I think this game will be good for the utahutes, as I think this year's Michigan game will be good. But I ask the questions -
Is this a sign that the utahutes are respected by big-time programs?
or
The fact that they are not in position to demand a home and home show that they are not respected?

And before anyone else brings it up, I know that Notre Dame has sucked in recent years. But still - they are the biggest of the big time programs. They are the ONLY school with their own NATIONWIDE MAJOR NETWORK CONTRACT! Forget about getting on ESPN. Forget about regional coverage. Forget about the Big Ten Network, Sunshine Network (SEC) or the MTN. Every home in America can watch Notre Dame EVERY STINKING WEEK! And that is the pinnacle of big time program.


----------



## buggsz24 (Mar 18, 2008)

Respected or not, if they will, they will get noticed. I think it's a good move on their part to take every advantage they can get to play teams that can put them on the map.


----------



## proutdoors (Sep 24, 2007)

buggsz24 said:


> Respected or not, if they will, they will get noticed. I think it's a good move on their part to take every advantage they can get to play teams that can put them on the map.

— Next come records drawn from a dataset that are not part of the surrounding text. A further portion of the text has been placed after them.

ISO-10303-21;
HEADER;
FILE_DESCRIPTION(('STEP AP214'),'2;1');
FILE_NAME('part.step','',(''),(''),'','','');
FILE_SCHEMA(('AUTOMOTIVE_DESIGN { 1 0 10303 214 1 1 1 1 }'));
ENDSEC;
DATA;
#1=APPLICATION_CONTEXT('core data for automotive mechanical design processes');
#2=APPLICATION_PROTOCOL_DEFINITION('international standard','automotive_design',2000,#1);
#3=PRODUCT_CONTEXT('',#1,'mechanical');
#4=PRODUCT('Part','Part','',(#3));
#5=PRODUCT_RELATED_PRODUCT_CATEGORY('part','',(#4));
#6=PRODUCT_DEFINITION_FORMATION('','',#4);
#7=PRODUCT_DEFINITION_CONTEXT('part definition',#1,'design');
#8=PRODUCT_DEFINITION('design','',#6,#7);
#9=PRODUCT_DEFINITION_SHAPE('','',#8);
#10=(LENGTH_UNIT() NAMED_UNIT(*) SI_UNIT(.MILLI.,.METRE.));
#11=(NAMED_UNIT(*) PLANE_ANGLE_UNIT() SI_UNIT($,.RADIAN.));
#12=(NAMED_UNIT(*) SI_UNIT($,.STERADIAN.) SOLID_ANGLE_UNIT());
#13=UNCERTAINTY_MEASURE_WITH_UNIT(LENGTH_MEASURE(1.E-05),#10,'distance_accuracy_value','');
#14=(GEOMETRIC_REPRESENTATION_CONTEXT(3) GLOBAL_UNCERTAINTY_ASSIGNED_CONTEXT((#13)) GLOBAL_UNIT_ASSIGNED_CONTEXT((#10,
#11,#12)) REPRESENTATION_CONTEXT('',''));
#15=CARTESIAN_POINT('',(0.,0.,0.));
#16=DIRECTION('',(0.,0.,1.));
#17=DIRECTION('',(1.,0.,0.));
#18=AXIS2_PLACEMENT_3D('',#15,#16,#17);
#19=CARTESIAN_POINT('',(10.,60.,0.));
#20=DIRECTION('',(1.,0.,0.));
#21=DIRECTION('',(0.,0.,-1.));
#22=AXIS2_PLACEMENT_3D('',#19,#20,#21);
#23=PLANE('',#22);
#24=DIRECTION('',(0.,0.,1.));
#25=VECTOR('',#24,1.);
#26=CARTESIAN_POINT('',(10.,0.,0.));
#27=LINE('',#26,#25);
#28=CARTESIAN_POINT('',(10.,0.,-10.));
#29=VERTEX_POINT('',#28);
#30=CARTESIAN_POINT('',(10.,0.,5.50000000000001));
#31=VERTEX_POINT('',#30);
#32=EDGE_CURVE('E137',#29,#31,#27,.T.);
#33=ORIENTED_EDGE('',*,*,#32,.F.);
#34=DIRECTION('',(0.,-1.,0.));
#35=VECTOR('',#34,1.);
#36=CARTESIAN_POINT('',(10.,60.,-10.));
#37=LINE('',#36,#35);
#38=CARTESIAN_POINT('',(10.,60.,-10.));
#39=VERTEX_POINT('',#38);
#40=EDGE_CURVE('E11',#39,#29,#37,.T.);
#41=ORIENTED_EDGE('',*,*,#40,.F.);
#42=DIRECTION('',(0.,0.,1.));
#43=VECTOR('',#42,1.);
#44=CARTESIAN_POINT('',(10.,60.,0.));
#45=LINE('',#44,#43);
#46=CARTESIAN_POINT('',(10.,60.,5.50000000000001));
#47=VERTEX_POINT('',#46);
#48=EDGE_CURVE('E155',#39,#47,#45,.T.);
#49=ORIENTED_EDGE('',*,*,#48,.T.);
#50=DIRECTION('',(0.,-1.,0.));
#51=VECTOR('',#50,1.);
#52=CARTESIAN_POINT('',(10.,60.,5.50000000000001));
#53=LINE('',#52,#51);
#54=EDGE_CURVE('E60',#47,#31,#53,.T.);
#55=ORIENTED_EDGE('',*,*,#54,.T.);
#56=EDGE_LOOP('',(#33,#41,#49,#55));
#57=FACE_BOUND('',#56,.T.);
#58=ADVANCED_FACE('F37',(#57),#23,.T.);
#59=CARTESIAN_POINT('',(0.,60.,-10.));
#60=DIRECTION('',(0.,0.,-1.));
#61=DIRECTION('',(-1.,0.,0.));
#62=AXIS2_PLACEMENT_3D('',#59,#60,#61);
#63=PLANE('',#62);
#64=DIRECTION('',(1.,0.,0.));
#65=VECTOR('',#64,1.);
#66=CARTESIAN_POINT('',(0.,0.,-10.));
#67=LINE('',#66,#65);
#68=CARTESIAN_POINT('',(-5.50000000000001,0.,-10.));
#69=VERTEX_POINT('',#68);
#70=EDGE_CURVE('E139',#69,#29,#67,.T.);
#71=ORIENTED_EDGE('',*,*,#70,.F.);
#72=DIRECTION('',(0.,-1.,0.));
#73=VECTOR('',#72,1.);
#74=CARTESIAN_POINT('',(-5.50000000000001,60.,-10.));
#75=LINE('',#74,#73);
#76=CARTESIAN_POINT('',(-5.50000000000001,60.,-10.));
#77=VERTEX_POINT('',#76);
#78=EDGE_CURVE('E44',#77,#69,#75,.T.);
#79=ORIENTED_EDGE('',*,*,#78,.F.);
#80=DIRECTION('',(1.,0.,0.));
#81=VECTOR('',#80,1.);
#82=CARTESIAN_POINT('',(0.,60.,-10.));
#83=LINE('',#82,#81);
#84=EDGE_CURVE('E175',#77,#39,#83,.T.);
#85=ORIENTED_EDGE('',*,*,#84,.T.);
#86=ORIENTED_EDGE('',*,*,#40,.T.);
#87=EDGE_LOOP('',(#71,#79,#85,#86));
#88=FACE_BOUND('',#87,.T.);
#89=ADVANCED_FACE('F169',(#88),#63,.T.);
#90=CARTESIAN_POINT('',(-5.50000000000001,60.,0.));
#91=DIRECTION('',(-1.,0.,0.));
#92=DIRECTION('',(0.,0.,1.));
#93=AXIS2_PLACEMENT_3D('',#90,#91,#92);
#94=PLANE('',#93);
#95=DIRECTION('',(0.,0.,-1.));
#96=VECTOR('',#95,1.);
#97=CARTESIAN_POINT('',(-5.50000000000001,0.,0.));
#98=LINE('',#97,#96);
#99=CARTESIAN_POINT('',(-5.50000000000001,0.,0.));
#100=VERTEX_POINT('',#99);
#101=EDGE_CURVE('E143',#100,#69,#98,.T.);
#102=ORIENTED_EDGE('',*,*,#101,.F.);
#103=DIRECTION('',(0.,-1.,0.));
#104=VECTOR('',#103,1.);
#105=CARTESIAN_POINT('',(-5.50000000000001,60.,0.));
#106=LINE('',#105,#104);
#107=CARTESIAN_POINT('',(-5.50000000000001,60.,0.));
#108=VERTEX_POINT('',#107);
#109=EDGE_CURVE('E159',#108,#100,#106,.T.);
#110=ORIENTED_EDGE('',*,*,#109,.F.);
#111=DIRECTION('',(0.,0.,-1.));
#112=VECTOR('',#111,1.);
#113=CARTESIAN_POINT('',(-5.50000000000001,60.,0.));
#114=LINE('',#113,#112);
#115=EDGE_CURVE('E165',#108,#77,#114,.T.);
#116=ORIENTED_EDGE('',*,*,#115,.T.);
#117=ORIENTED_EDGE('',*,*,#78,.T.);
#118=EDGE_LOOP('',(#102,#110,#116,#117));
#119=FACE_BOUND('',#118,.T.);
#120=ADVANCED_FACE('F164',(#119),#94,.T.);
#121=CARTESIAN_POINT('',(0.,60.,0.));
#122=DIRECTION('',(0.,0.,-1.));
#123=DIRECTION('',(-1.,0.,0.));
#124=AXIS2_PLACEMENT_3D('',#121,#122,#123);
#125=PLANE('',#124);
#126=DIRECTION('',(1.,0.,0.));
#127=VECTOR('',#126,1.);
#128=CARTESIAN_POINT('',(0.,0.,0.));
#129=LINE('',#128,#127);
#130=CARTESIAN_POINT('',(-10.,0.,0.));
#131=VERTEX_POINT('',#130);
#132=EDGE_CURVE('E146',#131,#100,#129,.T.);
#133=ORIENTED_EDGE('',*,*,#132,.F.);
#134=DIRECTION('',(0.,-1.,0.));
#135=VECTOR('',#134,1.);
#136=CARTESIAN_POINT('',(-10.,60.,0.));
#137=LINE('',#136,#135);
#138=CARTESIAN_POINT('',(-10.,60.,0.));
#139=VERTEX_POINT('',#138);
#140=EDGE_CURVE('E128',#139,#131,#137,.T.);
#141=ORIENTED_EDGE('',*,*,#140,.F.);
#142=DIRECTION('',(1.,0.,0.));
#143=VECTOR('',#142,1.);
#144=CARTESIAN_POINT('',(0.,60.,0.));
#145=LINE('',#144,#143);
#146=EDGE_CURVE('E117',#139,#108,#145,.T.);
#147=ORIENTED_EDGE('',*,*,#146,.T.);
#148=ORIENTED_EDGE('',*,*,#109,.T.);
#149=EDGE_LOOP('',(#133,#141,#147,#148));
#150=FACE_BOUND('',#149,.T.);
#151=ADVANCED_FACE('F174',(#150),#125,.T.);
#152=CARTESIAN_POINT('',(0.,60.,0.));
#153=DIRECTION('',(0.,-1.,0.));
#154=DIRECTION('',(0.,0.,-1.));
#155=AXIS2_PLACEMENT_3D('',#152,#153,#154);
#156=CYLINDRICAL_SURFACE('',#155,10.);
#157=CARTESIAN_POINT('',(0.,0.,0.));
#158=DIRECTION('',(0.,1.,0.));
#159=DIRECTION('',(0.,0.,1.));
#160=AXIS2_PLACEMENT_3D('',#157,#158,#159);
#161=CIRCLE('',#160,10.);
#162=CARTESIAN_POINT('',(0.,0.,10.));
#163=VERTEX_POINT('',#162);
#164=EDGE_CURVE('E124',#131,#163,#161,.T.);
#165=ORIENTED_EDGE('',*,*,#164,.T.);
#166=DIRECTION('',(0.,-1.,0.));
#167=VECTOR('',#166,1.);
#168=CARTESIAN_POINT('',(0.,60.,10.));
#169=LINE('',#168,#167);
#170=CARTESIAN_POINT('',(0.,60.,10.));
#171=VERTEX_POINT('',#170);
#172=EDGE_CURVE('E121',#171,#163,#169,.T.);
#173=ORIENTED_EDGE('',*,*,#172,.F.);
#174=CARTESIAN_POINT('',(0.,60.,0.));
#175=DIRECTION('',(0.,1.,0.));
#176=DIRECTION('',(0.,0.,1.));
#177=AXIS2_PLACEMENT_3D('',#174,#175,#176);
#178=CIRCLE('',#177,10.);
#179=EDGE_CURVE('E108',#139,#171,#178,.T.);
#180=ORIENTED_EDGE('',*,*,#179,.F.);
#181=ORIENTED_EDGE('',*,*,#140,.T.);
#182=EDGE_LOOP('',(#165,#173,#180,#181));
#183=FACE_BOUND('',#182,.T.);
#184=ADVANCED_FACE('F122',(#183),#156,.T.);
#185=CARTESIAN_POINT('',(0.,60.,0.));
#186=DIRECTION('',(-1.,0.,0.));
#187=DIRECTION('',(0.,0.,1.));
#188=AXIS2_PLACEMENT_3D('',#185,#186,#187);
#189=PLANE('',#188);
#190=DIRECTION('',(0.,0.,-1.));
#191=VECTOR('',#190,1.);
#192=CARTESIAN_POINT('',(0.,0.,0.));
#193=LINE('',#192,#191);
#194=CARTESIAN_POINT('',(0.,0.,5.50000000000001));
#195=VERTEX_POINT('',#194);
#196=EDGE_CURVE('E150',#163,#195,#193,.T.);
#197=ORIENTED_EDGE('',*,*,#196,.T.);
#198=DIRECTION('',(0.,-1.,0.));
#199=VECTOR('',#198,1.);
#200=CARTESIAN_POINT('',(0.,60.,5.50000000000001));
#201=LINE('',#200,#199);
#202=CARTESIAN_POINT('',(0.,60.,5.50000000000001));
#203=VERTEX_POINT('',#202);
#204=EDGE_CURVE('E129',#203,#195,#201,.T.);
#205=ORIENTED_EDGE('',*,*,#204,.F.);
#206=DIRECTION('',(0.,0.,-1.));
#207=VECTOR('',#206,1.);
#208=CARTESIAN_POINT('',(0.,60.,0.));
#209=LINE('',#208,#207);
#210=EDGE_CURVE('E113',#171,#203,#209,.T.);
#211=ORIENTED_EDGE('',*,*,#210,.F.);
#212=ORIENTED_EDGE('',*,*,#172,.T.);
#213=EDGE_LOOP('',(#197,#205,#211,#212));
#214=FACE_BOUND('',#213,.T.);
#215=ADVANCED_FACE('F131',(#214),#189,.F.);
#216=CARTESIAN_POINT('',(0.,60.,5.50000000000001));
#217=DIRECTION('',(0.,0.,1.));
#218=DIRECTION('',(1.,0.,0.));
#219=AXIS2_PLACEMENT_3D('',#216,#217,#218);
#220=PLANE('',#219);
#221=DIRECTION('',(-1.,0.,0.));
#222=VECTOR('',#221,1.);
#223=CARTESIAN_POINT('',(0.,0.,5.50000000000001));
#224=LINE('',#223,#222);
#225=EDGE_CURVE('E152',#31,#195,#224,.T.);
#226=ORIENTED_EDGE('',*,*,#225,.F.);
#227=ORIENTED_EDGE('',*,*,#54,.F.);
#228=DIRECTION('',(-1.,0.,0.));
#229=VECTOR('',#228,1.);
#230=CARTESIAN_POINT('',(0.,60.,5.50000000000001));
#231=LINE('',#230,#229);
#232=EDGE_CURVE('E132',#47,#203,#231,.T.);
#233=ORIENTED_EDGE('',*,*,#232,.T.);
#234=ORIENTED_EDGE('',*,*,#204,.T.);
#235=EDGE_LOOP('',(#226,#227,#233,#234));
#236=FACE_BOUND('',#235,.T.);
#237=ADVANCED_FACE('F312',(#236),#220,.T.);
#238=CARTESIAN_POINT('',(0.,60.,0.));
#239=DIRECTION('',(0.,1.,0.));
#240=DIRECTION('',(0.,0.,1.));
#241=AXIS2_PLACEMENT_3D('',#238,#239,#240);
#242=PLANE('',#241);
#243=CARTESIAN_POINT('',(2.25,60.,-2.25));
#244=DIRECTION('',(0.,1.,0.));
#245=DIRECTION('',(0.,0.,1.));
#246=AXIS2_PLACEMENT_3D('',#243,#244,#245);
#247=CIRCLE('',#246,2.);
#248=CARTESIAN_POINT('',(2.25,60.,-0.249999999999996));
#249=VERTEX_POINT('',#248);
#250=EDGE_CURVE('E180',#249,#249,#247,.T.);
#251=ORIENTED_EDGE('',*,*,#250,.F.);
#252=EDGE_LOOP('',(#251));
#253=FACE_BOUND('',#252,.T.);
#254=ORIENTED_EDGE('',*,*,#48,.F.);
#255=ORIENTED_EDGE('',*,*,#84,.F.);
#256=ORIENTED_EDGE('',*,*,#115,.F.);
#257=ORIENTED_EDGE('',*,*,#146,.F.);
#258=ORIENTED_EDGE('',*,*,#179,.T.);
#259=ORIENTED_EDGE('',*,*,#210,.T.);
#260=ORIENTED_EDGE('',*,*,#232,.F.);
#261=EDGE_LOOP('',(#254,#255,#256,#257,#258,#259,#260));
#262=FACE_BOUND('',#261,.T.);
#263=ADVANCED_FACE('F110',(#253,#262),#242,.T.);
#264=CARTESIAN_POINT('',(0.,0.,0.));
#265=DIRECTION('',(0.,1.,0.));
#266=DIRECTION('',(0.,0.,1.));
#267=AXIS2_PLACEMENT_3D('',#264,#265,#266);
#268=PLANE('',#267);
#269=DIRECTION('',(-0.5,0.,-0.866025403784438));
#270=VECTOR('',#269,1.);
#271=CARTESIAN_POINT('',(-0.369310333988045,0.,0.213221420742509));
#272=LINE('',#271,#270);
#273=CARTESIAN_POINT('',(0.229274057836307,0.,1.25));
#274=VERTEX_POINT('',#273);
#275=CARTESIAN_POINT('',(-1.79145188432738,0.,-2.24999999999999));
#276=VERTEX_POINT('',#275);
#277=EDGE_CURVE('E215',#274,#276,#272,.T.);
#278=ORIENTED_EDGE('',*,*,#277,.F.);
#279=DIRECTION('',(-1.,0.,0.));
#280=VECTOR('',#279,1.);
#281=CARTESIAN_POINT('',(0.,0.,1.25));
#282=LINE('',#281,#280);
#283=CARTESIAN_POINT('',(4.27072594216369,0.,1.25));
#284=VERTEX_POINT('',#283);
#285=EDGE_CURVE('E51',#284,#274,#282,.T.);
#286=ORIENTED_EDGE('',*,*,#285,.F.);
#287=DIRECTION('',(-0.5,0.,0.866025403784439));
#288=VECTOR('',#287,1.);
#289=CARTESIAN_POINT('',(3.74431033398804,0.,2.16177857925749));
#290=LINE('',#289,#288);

So, Northern Iowa is playing BYU to "get put on the map". Now it all makes sense. :? :roll: Being someones 'cream puff' does NOT "put you on the map", it just gets you another loss during the season, which is what WILL happen @ Michigan this fall.


----------



## coyoteslayer (Sep 10, 2007)

> So, Northern Iowa is playing BYU to "get put on the map". Now it all makes sense. :? :roll: Being someones 'cream puff' does NOT "put you on the map", it just gets you another loss during the season, which is what WILL happen @ Michigan this fall.


Pro, I dont think you're thinking clearly on this one. You're to busy thinking about arrowing a 400 class bull. <<--O/


----------



## proutdoors (Sep 24, 2007)

coyoteslayer said:


> > So, Northern Iowa is playing BYU to "get put on the map". Now it all makes sense. :? :roll: Being someones 'cream puff' does NOT "put you on the map", it just gets you another loss during the season, which is what WILL happen @ Michigan this fall.
> 
> 
> Pro, I dont think you're thinking clearly on this one. You're to busy thinking about arrowing a 400 class bull. <<--O/


Good point, for once. :shock: *\-\*


----------



## Huge29 (Sep 17, 2007)

GaryFish said:


> ...
> The fact that they are not in position to demand a home and home show that they are not respected?


For what it is worth; I think the Y had to give a 3 game series with two being away. Good move there, there is no possible negative outcome for the Utes unless ND still sucks in two years (unlikely) and Utes lose (likely in any year).

Can anyone help me find "Notre Dame, Ind?" All I can find is the University of Notre Dame located in South Bend, IN; dang Ute student who wrote that article!! *\-\* *\-\* *\-\*


----------



## GaryFish (Sep 7, 2007)

> Can anyone help me find "Notre Dame, Ind?"


I think it is kind of like the Vattican. It is in the middle of Rome, but it is its own country. But its still in Rome. 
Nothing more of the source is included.